LACKIE (1988) formuliert in ihrem umfassenden Review-Artikel zum Verhalten der Haemocyten eine ähnliche Vorstellung und verwirft diese gleich zugunsten zweier weiterer. Eine einzige Zelle würde ja in Gefahr sein, eine Aggregation auszulösen. Diese Gefahr bestünde aber nicht; die Zelle würde phagocytiert werden: Es gibt also keinen Grund, einen der (unten) angeführten Punkte auszuklammern.
In diesem Zusammenhang sind auch die Lamellopodien und Filopodien zu verstehen, die frei in das umgebende Medium ragen bzw. chemotaktisch(?) auf benachbarte Zellen gerichtet sind. Eine gewisse Ähnlichkeit besteht zu den Filopodien am Rand von 15 Tage alten Kapseln im Cölom von Nereis diversicolor (PORCHET-HENNERÉ et al. 1987). Beobachtungen von LOCKE (1987) an verschiedenen Insektengeweben haben gezeigt, daß nach Entfernung der Basallamina Filopodien sehr wichtig für Orientierung und Zusammenhalt der Zellen sind. Die Filo- und Lamellopodien erhöhen die Wahrscheinlichkeit eines Zell-Zell-Kontakts bei dem dann das 'Spreit'-Signal vermittelt würde.

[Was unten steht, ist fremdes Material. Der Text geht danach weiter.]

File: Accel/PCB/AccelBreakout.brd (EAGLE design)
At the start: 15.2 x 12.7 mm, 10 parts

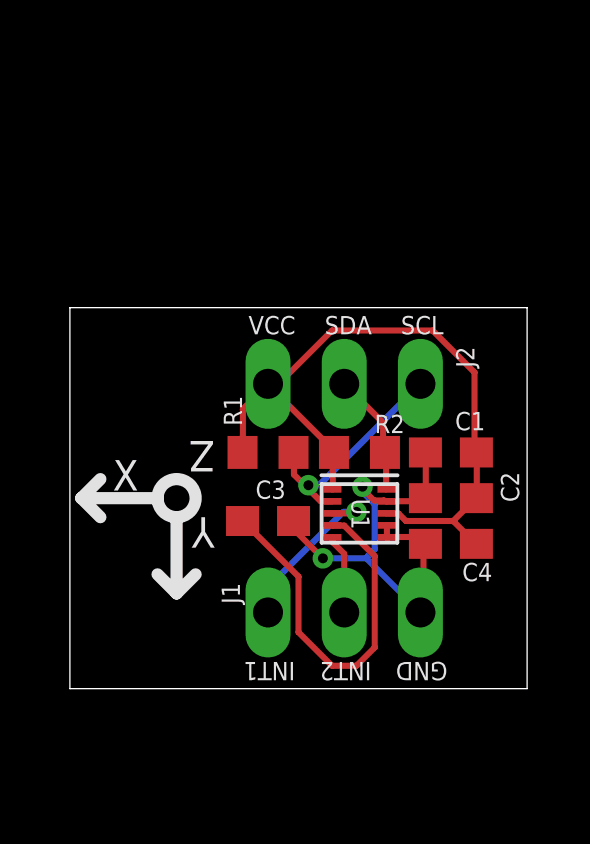
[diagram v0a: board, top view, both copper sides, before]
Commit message: accel - size, layout, labels
Adjusted size to be 0.6" DIP spacing.  Better orientation and position of all
labels.  Completely rerouted to remove all vias.
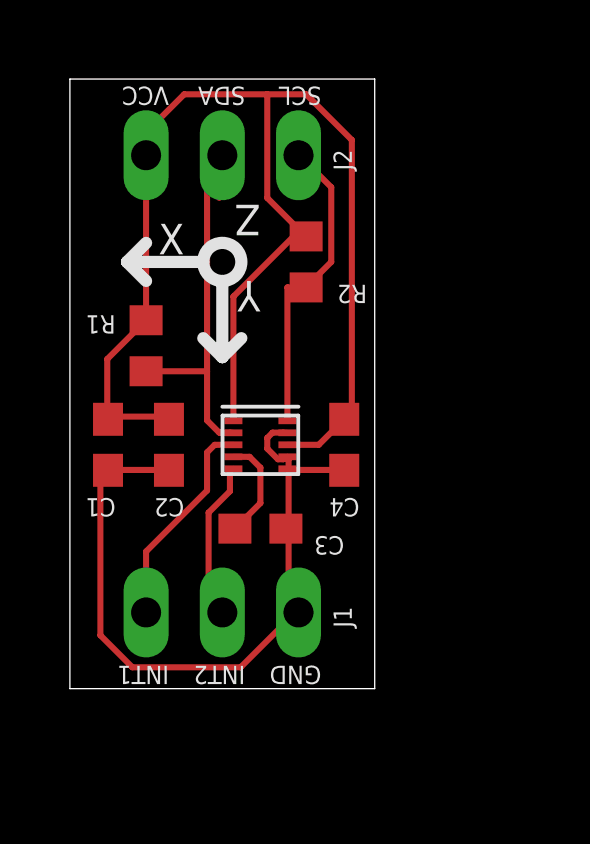
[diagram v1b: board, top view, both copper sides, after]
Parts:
- removed U$23: MMA8653FCR1, ScottSilver:MMA8653FCR1
- added U1: MMA8653FCR1, ScottSilver:MMA8653FCR1
- moved C1 11.4 mm to (1.27, 8.13), turned to 270 degrees
- moved C2 9.56 mm to (3.30, 8.13), turned to 270 degrees
- moved U$3 8.64 mm to (5.08, 17.8)
- moved U$2 8.02 mm to (5.08, 13.6)
- moved R2 6.59 mm to (7.87, 14.2), turned to 90 degrees
- moved R1 5.40 mm to (2.54, 11.4), turned to 90 degrees
- moved C4 4.85 mm to (9.14, 8.13), turned to 270 degrees
- moved U$4 4.06 mm to (5.08, 2.54)
- moved C3 0.36 mm to (6.35, 5.33)
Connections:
- net GND: now also U1.6, U1.7, U1.9; no longer U$23.6, U$23.7, U$23.9
- net INT1: now also U1.3; no longer U$23.3
- net INT2: now also U1.5; no longer U$23.5
- net N$34: now also U1.4; no longer U$23.4
- net SCL: now also U$3.P$2, U1.2; no longer U$23.2, U$3.P$3
- net SDA: now also U$3.P$3, U1.10; no longer U$23.10, U$3.P$2
- net VCC: now also U1.1, U1.8; no longer U$23.1, U$23.8
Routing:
- net VCC: track 24.1 -> 44.9 mm
- net N$34: track 12.6 -> 3.43 mm
- net GND: track 16.4 -> 24.9 mm, vias 2 -> 0
- net SDA: track 4.11 -> 10.3 mm
- net SCL: track 7.63 -> 13.7 mm, vias 1 -> 0
- net INT2: track 2.66 -> 5.35 mm
- net INT1: track 5.65 -> 7.16 mm, vias 1 -> 0
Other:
- board size 15.2 x 12.7 mm -> 10.2 x 20.3 mm
- board text removed: "U1"

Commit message: accel - adjusted direction symbol, replaced parts
Some old parts were missing from raspberrystem.lbr.
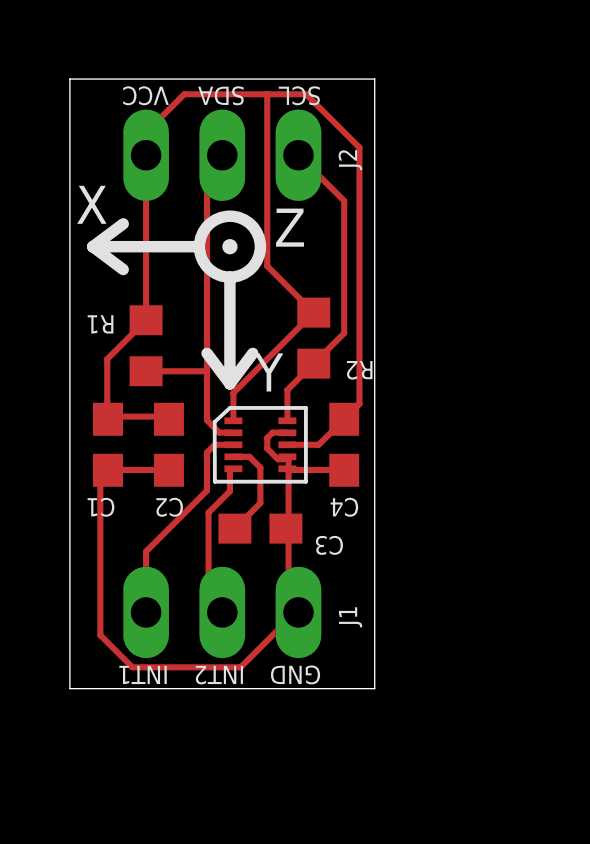
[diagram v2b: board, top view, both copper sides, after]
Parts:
- removed U$2: ACCELDIR, ScottSilver:ACCELDIR
- removed U$3, U$4: DIP1X3MALE, OldScottSilver:DIP1X3MALE
- added J1, J2: (no value), raspberrystem:1X03
- added U$1: (no value), raspberrystem:ACCEL_DIR
- U1: device ScottSilver:MMA8653FCR1 -> raspberrystem:MMA8653FCR1
- moved R2 2.55 mm to (8.13, 11.7)
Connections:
- net GND: now also J1.3; no longer U$4.P$3
- net INT1: now also J1.1; no longer U$4.P$1
- net INT2: now also J1.2; no longer U$4.P$2
- net SCL: now also J2.2; no longer U$3.P$2
- net SDA: now also J2.3; no longer U$3.P$3
- net VCC: now also J2.1; no longer U$3.P$1
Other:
- board text removed: "J1"
- board text removed: "J2"
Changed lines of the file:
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@@
 <text x="3.302" y="0.762" size="0.6096" layer="21" font="vector" rot="SR180">INT1</text>
 <text x="5.842" y="0.762" size="0.6096" layer="21" font="vector" rot="SR180">INT2</text>
-<text x="9.398" y="2.032" size="0.6096" layer="21" font="vector" rot="R90">J1</text>
-<text x="9.398" y="17.272" size="0.6096" layer="21" font="vector" rot="R90">J2</text>
 </plain>
 <attributes>
@@
 </autorouter>
 <elements>
-<element name="U1" library="ScottSilver" package="MMA8653FCR1" value="MMA8653FCR1" x="6.35" y="8.128"/>
+<element name="U1" library="raspberrystem" package="MMA8653FCR1" value="MMA8653FCR1" x="6.35" y="8.128"/>
 <element name="C1" library="resistor" package="C0603" value="0.1uF" x="1.27" y="8.128" smashed="yes" rot="R270">
 <attribute name="NAME" x="1.524" y="6.35" size="0.6096" layer="25" font="vector" rot="SR180"/>
@@
 <attribute name="NAME" x="1.524" y="12.446" size="0.6096" layer="25" font="vector" rot="SR180"/>
 </element>
-<element name="R2" library="resistor" package="R0603" value="10K" x="7.874" y="14.224" smashed="yes" rot="R90">
-<attribute name="NAME" x="9.906" y="13.462" size="0.6096" layer="25" font="vector" rot="SR180"/>
-</element>
-<element name="U$2" library="ScottSilver" package="ACCELDIR" value="ACCELDIR" x="5.08" y="13.589"/>
-<element name="U$3" library="OldScottSilver" package="DIP1X3MALE" value="DIP1X3MALE" x="5.08" y="17.78"/>
-<element name="U$4" library="OldScottSilver" package="DIP1X3MALE" value="DIP1X3MALE" x="5.08" y="2.54"/>
+<element name="R2" library="resistor" package="R0603" value="10K" x="8.128" y="11.684" smashed="yes" rot="R90">
+<attribute name="NAME" x="10.16" y="10.922" size="0.6096" layer="25" font="vector" rot="SR180"/>
+</element>
+<element name="J2" library="raspberrystem" package="1X03" value="" x="5.08" y="17.78" smashed="yes">
+<attribute name="NAME" x="9.5758" y="17.3228" size="0.6096" layer="25" font="vector" ratio="10" rot="R90"/>
+<attribute name="VALUE" x="1.27" y="14.605" size="1.27" layer="27"/>
+</element>
+<element name="J1" library="raspberrystem" package="1X03" value="" x="5.08" y="2.54" smashed="yes">
+<attribute name="NAME" x="9.5758" y="2.0828" size="0.6096" layer="25" font="vector" ratio="10" rot="R90"/>
+<attribute name="VALUE" x="1.27" y="-0.635" size="1.27" layer="27"/>
+</element>
+<element name="U$1" library="raspberrystem" package="ACCEL_DIR" value="" x="5.334" y="14.732" rot="SR180"/>
 </elements>
 <signals>
@@
 <contactref element="R1" pad="2"/>
 <contactref element="R2" pad="2"/>
-<contactref element="U$3" pad="P$1"/>
-<wire x1="9.144" y1="8.978" x2="9.398" y2="8.978" width="0.2032" layer="1"/>
-<wire x1="9.398" y1="8.978" x2="9.398" y2="18.288" width="0.2032" layer="1"/>
-<wire x1="9.398" y1="18.288" x2="7.874" y2="19.812" width="0.2032" layer="1"/>
+<contactref element="J2" pad="1"/>
 <wire x1="7.874" y1="19.812" x2="6.5786" y2="19.812" width="0.2032" layer="1"/>
 <wire x1="6.5786" y1="19.812" x2="3.81" y2="19.812" width="0.2032" layer="1"/>
@@
 <wire x1="1.4224" y1="9.0678" x2="1.27" y2="8.978" width="0.2032" layer="1"/>
 <wire x1="3.2004" y1="9.0678" x2="3.302" y2="8.978" width="0.2032" layer="1"/>
-<wire x1="6.5786" y1="16.3576" x2="7.8232" y2="15.113" width="0.2032" layer="1"/>
-<wire x1="6.5786" y1="19.812" x2="6.5786" y2="16.3576" width="0.2032" layer="1"/>
-<wire x1="7.8232" y1="15.113" x2="7.874" y2="15.074" width="0.2032" layer="1"/>
+<wire x1="6.5786" y1="19.812" x2="6.5786" y2="14.0834" width="0.2032" layer="1"/>
 <wire x1="1.2446" y1="9.0678" x2="1.27" y2="8.978" width="0.2032" layer="1"/>
-<wire x1="5.45" y1="8.928" x2="5.45" y2="13.07" width="0.2032" layer="1"/>
-<wire x1="5.45" y1="13.07" x2="7.62" y2="15.24" width="0.2032" layer="1"/>
-<wire x1="7.62" y1="15.24" x2="7.708" y2="15.24" width="0.2032" layer="1"/>
-<wire x1="7.708" y1="15.24" x2="7.874" y2="15.074" width="0.2032" layer="1"/>
 <wire x1="7.25" y1="8.128" x2="8.294" y2="8.128" width="0.2032" layer="1"/>
 <wire x1="8.294" y1="8.128" x2="9.144" y2="8.978" width="0.2032" layer="1"/>
@@
 <wire x1="2.4892" y1="17.78" x2="2.54" y2="17.78" width="0.2032" layer="1"/>
 <wire x1="2.54" y1="17.78" x2="2.54" y2="12.28" width="0.2032" layer="1"/>
+<wire x1="8.128" y1="12.534" x2="6.5786" y2="14.0834" width="0.2032" layer="1"/>
+<wire x1="5.45" y1="8.928" x2="5.45" y2="9.856" width="0.2032" layer="1"/>
+<wire x1="5.45" y1="9.856" x2="8.128" y2="12.534" width="0.2032" layer="1"/>
+<wire x1="9.144" y1="8.978" x2="9.652" y2="9.486" width="0.2032" layer="1"/>
+<wire x1="9.652" y1="9.486" x2="9.652" y2="18.034" width="0.2032" layer="1"/>
+<wire x1="9.652" y1="18.034" x2="7.874" y2="19.812" width="0.2032" layer="1"/>
 </signal>
 <signal name="GND">
@@
 <contactref element="C4" pad="2"/>
 <contactref element="U1" pad="9"/>
-<contactref element="U$4" pad="P$3"/>
+<contactref element="J1" pad="3"/>
 <wire x1="7.2898" y1="7.6454" x2="7.2898" y2="7.2898" width="0.2032" layer="1"/>
 <wire x1="7.2898" y1="7.6454" x2="7.25" y2="7.728" width="0.2032" layer="1"/>
@@
 <contactref element="U1" pad="10"/>
 <contactref element="R2" pad="1"/>
-<contactref element="U$3" pad="P$3"/>
-<wire x1="8.7122" y1="14.224" x2="8.001" y2="13.5128" width="0.2032" layer="1"/>
-<wire x1="8.7122" y1="16.7132" x2="8.7122" y2="14.224" width="0.2032" layer="1"/>
-<wire x1="7.6454" y1="17.78" x2="8.7122" y2="16.7132" width="0.2032" layer="1"/>
-<wire x1="8.001" y1="13.5128" x2="7.874" y2="13.374" width="0.2032" layer="1"/>
+<contactref element="J2" pad="3"/>
 <wire x1="7.6454" y1="17.78" x2="7.62" y2="17.78" width="0.2032" layer="1"/>
-<wire x1="7.874" y1="13.374" x2="7.25" y2="13.374" width="0.2032" layer="1"/>
-<wire x1="7.25" y1="13.374" x2="7.25" y2="8.928" width="0.2032" layer="1"/>
+<wire x1="7.25" y1="8.928" x2="7.25" y2="9.956" width="0.2032" layer="1"/>
+<wire x1="7.25" y1="9.956" x2="8.128" y2="10.834" width="0.2032" layer="1"/>
+<wire x1="8.128" y1="10.834" x2="9.144" y2="11.85" width="0.2032" layer="1"/>
+<wire x1="7.62" y1="17.78" x2="9.144" y2="16.256" width="0.2032" layer="1"/>
+<wire x1="9.144" y1="16.256" x2="9.144" y2="11.85" width="0.2032" layer="1"/>
 </signal>
 <signal name="SCL">
 <contactref element="U1" pad="2"/>
 <contactref element="R1" pad="1"/>
-<contactref element="U$3" pad="P$2"/>
+<contactref element="J2" pad="2"/>
 <wire x1="4.9784" y1="8.5344" x2="5.334" y2="8.5344" width="0.2032" layer="1"/>
 <wire x1="5.334" y1="8.5344" x2="5.45" y2="8.528" width="0.2032" layer="1"/>
@@
 <signal name="INT1">
 <contactref element="U1" pad="3"/>
-<contactref element="U$4" pad="P$1"/>
+<contactref element="J1" pad="1"/>
 <wire x1="5.45" y1="8.128" x2="4.826" y2="8.128" width="0.2032" layer="1"/>
 <wire x1="4.826" y1="8.128" x2="4.572" y2="7.874" width="0.2032" layer="1"/>
@@
 <signal name="INT2">
 <contactref element="U1" pad="5"/>
-<contactref element="U$4" pad="P$2"/>
+<contactref element="J1" pad="2"/>
 <wire x1="5.334" y1="6.5786" x2="5.334" y2="7.2898" width="0.2032" layer="1"/>
 <wire x1="4.6228" y1="5.8674" x2="5.334" y2="6.5786" width="0.2032" layer="1"/>

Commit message: accel - Resized board and swapped orientation label to bottom
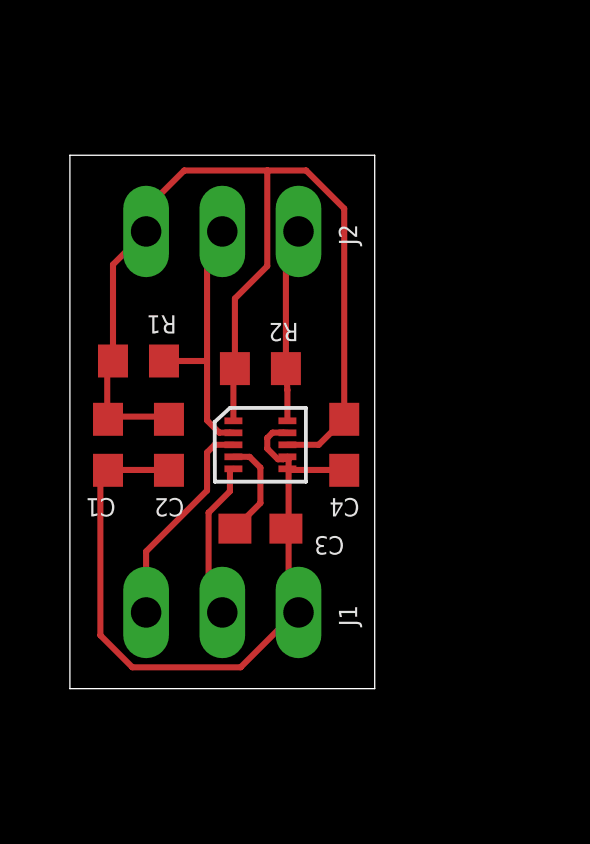
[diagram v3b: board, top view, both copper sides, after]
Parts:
- removed U$1: (no value), raspberrystem:ACCEL_DIR
- added U$2: (no value), raspberrystem:ACCEL_DIR
- moved J2 2.54 mm to (5.08, 15.2)
- moved R2 2.05 mm to (6.35, 10.7), turned to 180 degrees
- moved R1 0.57 mm to (2.29, 10.9), turned to 180 degrees
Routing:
- net VCC: track 44.8 -> 35.6 mm
- net SCL: track 13.7 -> 8.99 mm
- net SDA: track 10.3 -> 6.51 mm
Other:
- board size 10.2 x 20.3 mm -> 10.2 x 17.8 mm
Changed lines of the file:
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@@
 <plain>
 <wire x1="10.16" y1="0" x2="0" y2="0" width="0" layer="20"/>
-<wire x1="0" y1="0" x2="0" y2="20.32" width="0" layer="20"/>
-<wire x1="0" y1="20.32" x2="10.16" y2="20.32" width="0" layer="20"/>
-<wire x1="10.16" y1="20.32" x2="10.16" y2="0" width="0" layer="20"/>
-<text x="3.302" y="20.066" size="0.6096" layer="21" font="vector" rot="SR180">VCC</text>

JOHANSSON & SÖDERHÄLL (1989 b) haben für den Krebs Pacifastacus leniusculus gezeigt, daß die kleine Aminosäurensequenz RGD (= Arginin-Glycin-Asparaginsäure) den 76 kDa-Zelladhäsions-Faktor immitiert. Untersuchungen an der Raupe von Pseudoplusia includens zur Kapselbildung kommen zu entsprechenden Ergebnissen (PECH & STRAND 1995).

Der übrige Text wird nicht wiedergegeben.